**PROVIDED INFORMATION**
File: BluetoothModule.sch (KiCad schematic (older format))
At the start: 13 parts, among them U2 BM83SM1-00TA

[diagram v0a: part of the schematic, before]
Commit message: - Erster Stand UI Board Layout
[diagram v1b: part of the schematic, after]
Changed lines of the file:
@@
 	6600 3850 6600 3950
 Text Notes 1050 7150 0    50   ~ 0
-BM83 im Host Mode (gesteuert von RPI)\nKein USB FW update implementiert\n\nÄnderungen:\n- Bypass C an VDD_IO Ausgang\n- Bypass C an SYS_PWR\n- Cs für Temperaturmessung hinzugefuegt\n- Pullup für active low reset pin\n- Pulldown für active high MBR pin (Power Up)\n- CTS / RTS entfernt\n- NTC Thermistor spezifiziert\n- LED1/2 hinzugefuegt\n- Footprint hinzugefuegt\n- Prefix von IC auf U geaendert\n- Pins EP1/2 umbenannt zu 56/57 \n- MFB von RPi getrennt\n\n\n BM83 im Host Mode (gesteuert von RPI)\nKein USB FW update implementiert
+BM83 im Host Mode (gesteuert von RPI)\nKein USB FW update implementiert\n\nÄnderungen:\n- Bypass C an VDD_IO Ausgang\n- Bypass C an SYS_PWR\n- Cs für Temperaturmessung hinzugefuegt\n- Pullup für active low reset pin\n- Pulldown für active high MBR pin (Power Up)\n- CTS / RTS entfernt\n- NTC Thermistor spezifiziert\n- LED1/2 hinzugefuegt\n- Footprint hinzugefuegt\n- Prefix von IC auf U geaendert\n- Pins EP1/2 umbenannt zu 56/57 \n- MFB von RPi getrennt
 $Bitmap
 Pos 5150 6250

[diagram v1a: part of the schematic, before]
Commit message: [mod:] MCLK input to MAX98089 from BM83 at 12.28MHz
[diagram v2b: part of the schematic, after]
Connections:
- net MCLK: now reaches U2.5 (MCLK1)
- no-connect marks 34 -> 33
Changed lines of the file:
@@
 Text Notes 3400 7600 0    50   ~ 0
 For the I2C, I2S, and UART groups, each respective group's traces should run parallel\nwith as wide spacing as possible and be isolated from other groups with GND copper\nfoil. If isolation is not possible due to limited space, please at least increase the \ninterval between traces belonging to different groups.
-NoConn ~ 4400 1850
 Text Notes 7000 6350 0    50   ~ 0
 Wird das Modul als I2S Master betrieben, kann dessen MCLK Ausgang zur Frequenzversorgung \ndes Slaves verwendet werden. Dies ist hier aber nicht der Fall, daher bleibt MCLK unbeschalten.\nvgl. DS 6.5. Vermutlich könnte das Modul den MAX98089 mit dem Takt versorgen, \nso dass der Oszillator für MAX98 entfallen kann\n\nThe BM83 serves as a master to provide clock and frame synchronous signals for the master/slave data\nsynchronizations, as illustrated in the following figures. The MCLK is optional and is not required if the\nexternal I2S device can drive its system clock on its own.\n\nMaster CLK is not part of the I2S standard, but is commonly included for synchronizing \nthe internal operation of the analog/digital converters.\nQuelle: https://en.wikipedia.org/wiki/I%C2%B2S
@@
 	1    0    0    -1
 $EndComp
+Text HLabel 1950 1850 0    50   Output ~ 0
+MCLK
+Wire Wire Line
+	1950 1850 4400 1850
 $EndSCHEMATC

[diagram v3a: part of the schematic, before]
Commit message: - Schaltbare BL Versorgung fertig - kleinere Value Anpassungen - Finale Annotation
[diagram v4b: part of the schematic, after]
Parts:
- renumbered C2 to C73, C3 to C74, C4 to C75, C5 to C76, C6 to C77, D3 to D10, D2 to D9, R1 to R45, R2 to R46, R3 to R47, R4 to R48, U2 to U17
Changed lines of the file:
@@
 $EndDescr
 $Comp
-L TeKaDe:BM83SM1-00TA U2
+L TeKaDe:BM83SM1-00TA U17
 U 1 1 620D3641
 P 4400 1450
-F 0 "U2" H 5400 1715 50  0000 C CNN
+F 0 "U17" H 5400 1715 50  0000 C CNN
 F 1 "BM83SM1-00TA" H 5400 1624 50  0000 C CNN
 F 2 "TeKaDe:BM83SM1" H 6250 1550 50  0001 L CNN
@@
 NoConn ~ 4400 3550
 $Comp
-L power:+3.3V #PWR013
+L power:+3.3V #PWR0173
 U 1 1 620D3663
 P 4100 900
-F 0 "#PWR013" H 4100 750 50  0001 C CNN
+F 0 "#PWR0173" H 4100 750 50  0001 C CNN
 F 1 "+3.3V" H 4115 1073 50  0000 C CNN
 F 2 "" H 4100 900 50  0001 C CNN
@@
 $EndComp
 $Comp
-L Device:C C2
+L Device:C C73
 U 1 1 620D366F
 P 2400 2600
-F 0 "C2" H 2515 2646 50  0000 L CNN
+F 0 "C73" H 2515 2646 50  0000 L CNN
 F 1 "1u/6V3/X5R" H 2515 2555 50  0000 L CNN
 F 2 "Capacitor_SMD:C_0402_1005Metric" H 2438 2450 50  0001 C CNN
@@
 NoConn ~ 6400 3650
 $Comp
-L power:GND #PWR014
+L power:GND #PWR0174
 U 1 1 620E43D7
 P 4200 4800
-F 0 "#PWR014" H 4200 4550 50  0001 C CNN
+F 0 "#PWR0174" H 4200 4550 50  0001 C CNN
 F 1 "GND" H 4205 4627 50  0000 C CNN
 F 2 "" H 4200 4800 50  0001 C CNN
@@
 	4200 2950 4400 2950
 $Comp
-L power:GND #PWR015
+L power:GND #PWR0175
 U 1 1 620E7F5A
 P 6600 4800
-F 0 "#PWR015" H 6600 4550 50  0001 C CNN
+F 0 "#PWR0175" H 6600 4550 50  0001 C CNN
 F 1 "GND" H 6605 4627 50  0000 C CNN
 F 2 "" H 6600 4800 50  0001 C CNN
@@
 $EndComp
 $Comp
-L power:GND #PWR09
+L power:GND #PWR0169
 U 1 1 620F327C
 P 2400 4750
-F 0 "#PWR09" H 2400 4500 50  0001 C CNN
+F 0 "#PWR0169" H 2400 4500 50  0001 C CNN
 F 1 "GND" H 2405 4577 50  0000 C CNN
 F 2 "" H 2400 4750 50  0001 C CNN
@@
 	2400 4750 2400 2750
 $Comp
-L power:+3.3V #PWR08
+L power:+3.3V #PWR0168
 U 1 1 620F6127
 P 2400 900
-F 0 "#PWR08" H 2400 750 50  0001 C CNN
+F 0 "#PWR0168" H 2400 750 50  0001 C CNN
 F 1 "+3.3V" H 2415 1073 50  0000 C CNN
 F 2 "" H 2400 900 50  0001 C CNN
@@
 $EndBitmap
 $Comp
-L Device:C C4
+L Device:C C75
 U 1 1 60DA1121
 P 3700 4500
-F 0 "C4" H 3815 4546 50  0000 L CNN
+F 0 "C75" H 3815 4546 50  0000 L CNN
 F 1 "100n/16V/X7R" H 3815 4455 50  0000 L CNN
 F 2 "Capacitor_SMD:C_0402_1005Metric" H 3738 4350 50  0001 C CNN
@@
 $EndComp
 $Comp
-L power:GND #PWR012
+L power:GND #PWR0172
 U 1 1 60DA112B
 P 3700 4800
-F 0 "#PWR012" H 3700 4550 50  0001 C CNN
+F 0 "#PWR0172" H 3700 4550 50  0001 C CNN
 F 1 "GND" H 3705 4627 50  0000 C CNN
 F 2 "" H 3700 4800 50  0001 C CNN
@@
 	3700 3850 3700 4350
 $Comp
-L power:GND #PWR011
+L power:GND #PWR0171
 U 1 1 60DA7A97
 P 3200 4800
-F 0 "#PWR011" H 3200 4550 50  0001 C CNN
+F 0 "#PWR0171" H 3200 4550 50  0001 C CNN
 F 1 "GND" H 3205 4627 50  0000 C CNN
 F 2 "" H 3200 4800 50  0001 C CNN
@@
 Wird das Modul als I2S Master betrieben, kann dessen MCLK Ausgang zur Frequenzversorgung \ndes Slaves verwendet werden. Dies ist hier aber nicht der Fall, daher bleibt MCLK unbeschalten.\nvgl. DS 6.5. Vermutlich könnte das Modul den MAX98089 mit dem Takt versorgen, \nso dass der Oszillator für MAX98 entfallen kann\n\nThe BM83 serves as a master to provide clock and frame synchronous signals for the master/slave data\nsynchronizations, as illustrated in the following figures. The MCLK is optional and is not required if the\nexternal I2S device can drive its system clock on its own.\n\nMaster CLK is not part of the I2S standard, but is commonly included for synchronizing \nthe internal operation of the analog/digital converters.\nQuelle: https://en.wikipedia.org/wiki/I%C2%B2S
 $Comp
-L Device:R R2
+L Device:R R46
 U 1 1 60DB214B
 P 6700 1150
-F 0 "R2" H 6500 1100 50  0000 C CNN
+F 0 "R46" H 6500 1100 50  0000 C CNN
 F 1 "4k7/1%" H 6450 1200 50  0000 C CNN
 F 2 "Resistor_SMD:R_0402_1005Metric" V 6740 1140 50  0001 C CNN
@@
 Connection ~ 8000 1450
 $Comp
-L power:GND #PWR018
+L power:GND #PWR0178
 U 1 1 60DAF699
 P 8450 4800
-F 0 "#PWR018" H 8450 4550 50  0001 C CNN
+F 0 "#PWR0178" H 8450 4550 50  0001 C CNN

**WHAT THE EXERCISE ASKS**
Reproduce every line from the entries that holds the word "NoConn".

**RESPONSE TO THIS EXERCISE**
-NoConn ~ 4400 1850
 NoConn ~ 4400 3550
 NoConn ~ 6400 3650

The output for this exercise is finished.